▶ WHAT YOU HAVE TO DO
Look through the records below, and copy out every line that holds the string "Integrator".
__________
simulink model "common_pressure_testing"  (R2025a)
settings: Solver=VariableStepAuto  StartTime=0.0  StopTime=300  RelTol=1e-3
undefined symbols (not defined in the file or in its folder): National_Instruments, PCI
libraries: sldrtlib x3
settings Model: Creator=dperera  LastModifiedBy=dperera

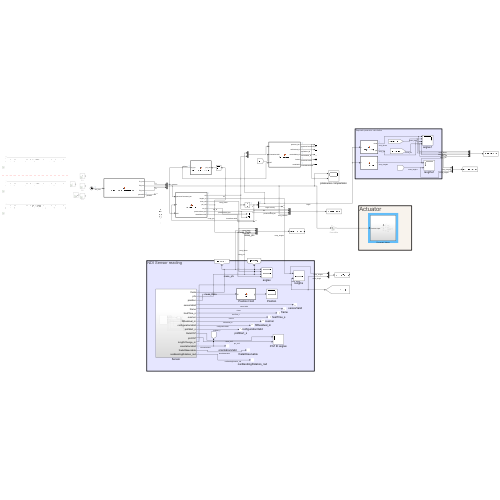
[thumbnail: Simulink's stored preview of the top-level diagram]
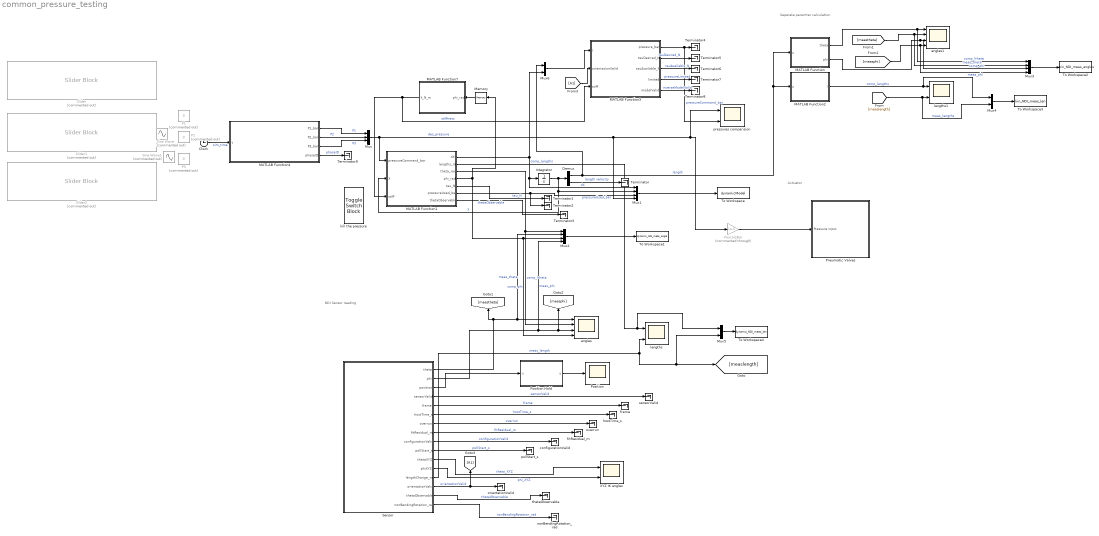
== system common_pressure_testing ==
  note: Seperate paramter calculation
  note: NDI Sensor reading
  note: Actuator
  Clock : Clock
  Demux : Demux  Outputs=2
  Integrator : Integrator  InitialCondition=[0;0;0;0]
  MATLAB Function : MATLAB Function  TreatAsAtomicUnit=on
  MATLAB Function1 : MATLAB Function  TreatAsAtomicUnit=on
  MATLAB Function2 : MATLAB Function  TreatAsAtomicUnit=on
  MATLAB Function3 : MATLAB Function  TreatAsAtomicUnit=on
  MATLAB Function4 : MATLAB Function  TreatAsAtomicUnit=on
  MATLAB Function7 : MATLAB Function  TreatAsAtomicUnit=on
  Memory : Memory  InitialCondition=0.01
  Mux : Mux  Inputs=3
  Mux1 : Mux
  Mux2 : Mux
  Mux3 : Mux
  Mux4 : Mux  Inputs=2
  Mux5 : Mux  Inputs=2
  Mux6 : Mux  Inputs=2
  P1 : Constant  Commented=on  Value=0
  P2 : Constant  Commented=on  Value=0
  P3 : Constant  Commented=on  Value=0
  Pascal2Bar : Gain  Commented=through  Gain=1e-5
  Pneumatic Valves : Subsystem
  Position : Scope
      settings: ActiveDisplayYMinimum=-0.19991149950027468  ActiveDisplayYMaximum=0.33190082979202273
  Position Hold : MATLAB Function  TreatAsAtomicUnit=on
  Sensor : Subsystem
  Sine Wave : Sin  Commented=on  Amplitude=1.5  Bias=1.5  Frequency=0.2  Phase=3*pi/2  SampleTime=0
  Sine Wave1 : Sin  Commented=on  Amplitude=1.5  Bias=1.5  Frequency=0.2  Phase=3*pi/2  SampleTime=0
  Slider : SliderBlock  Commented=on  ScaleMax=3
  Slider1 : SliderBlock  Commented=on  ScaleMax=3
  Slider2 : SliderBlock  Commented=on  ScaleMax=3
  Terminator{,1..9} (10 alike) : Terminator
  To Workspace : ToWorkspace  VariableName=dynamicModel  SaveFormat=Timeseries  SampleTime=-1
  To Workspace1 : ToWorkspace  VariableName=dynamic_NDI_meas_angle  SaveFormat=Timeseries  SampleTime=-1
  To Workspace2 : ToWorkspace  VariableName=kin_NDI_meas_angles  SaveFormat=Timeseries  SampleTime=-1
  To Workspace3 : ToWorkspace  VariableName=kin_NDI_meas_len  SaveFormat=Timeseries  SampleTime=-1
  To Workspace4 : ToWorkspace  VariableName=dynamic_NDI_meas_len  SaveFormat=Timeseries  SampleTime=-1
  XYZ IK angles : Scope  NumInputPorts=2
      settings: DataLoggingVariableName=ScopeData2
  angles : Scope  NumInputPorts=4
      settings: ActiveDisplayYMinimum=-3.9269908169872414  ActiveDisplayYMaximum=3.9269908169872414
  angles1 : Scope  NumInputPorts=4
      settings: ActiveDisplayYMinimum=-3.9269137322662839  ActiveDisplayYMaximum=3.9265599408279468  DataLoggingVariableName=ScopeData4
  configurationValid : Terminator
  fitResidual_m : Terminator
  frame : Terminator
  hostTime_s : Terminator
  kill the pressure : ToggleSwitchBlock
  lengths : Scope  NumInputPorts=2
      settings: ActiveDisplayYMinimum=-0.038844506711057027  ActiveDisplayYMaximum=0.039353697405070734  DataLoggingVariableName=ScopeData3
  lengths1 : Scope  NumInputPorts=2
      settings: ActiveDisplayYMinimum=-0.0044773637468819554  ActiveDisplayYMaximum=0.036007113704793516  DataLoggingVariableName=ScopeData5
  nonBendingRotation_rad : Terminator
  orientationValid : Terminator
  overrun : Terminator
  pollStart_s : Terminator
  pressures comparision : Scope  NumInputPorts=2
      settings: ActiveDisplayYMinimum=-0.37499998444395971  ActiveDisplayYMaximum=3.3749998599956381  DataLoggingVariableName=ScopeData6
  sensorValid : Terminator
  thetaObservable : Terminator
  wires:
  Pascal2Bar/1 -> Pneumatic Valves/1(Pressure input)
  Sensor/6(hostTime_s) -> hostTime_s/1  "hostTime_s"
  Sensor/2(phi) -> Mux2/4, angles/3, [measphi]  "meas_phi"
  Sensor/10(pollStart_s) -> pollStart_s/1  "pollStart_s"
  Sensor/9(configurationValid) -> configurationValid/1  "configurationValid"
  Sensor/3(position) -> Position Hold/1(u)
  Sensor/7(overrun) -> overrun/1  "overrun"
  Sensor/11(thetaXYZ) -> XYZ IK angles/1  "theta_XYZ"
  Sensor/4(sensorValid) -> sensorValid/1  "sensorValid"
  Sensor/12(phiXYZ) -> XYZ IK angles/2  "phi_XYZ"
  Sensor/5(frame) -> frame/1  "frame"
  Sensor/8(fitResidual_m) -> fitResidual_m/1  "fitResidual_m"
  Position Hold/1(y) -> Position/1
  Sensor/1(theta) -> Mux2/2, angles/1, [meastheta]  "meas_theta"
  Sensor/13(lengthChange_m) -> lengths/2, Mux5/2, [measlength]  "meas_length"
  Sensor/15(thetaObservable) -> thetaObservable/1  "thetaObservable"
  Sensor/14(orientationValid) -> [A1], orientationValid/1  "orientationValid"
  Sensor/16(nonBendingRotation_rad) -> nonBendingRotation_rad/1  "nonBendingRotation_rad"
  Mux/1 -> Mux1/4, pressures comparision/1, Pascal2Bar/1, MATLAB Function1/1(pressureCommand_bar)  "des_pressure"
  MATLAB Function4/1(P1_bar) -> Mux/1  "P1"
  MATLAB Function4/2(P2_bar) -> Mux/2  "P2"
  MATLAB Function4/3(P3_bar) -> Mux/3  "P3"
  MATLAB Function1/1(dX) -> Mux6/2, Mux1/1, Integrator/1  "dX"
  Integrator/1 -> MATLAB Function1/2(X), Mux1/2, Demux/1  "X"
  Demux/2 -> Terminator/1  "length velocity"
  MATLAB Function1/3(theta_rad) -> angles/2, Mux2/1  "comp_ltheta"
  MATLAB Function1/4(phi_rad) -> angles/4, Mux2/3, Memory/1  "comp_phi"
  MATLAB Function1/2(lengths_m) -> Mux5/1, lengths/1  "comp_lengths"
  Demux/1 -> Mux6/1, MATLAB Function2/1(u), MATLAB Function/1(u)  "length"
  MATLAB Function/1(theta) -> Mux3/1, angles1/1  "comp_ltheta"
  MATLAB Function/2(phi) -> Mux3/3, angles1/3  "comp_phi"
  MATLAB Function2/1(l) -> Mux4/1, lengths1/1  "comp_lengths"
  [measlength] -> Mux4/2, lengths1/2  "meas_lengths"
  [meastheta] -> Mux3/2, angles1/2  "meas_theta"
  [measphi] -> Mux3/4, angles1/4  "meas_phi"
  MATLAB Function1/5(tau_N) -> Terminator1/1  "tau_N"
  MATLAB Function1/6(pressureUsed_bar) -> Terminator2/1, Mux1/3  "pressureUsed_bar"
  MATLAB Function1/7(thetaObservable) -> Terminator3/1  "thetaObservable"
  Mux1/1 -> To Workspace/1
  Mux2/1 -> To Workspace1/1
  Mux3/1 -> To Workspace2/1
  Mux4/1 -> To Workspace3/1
__________
▶ SOLUTION FOR THIS TASK
  Integrator : Integrator  InitialCondition=[0;0;0;0]
  MATLAB Function1/1(dX) -> Mux6/2, Mux1/1, Integrator/1  "dX"
  Integrator/1 -> MATLAB Function1/2(X), Mux1/2, Demux/1  "X"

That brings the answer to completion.